━━━ Data

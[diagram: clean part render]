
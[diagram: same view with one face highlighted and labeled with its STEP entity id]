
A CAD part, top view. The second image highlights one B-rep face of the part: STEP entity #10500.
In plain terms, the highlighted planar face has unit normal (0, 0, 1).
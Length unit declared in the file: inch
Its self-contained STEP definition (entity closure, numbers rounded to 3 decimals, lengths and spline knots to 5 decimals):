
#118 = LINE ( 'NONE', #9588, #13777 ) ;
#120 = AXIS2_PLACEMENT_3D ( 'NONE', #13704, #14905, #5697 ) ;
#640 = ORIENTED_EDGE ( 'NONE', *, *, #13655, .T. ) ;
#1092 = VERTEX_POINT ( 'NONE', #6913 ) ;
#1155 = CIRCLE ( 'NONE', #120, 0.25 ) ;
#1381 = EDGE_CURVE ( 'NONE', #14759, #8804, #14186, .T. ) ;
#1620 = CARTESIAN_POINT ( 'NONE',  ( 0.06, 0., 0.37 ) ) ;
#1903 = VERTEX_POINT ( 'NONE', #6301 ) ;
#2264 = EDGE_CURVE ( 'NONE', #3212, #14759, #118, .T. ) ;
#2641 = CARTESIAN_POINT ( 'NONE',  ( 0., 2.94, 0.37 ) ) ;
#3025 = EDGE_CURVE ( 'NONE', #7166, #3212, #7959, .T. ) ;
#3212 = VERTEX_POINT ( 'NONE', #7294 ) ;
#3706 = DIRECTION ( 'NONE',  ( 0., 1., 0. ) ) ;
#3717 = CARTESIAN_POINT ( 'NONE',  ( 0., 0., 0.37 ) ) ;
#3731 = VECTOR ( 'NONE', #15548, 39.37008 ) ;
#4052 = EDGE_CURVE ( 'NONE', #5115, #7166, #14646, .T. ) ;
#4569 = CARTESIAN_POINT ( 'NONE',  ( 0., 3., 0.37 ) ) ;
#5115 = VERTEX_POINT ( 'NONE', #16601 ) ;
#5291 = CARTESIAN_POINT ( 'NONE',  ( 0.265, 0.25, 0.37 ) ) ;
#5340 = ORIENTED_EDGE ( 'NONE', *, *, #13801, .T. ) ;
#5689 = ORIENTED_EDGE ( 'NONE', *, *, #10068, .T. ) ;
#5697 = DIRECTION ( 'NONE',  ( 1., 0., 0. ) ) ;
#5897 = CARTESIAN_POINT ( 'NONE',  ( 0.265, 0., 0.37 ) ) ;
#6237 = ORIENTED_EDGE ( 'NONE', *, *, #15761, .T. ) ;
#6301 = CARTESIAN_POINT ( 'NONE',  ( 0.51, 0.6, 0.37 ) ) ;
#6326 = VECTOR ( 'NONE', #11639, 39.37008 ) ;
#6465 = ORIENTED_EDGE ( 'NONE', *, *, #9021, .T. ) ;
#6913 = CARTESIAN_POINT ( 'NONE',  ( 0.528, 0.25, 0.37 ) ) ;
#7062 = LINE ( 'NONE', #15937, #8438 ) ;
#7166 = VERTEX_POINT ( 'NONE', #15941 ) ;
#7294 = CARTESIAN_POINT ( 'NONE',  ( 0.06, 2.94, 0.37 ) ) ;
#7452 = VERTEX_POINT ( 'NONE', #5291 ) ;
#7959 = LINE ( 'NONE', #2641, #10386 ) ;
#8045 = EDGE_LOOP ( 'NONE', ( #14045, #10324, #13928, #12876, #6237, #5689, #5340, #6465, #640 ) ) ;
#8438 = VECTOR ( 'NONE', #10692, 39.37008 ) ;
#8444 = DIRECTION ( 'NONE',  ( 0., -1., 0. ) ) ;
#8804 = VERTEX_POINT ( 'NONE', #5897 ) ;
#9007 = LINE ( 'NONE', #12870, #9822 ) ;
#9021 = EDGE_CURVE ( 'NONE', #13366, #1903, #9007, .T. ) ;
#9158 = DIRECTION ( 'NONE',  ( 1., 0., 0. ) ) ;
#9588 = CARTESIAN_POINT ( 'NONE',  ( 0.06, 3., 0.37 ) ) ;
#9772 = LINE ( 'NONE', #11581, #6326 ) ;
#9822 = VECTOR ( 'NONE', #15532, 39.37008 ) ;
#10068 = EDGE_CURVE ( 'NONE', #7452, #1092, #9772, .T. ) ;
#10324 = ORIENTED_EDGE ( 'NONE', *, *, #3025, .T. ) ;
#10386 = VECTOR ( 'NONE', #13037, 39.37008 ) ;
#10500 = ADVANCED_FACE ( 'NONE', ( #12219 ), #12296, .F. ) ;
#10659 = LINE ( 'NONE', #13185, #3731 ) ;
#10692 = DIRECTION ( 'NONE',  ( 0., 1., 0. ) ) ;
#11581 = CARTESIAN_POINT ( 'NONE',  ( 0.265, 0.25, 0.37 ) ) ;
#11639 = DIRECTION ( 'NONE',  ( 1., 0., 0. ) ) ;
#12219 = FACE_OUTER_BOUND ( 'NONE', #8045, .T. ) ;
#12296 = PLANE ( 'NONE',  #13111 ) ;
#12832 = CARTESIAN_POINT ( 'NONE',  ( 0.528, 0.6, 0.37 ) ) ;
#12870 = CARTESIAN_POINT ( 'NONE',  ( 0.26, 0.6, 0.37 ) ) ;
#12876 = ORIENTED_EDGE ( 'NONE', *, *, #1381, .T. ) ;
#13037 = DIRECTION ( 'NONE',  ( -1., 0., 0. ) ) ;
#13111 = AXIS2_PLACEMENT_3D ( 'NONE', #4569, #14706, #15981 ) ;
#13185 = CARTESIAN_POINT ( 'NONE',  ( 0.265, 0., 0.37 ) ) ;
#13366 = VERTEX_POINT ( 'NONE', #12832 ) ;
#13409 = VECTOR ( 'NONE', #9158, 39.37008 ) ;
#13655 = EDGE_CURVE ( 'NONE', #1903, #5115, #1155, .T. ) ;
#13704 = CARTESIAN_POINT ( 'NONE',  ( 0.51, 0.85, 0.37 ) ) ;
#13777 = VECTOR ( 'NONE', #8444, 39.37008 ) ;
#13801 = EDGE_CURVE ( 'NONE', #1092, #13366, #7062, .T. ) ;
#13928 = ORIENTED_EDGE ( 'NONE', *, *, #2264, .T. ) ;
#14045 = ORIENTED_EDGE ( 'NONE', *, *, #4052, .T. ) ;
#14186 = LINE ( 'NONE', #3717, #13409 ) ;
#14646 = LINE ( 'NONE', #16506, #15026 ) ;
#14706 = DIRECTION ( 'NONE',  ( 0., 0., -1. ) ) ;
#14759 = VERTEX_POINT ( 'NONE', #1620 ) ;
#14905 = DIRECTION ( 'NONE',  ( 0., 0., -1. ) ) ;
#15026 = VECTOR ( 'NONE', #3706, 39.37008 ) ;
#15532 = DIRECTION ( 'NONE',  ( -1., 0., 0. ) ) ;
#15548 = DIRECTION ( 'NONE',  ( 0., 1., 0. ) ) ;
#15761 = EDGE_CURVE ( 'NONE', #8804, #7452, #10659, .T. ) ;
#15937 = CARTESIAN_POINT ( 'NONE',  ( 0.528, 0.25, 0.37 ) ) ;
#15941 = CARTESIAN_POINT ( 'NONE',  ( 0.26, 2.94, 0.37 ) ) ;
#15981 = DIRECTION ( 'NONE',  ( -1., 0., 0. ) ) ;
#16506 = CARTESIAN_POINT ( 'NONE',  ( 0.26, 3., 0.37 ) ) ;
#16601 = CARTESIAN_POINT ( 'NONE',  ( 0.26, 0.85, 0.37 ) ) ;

━━━━━━

- **What is needed**
Search the records for the string "view", and copy every line that holds it.

- **Completed exercise**
[diagram: same view with one face highlighted and labeled with its STEP entity id]
A CAD part, top view. The second image highlights one B-rep face of the part: STEP entity #10500.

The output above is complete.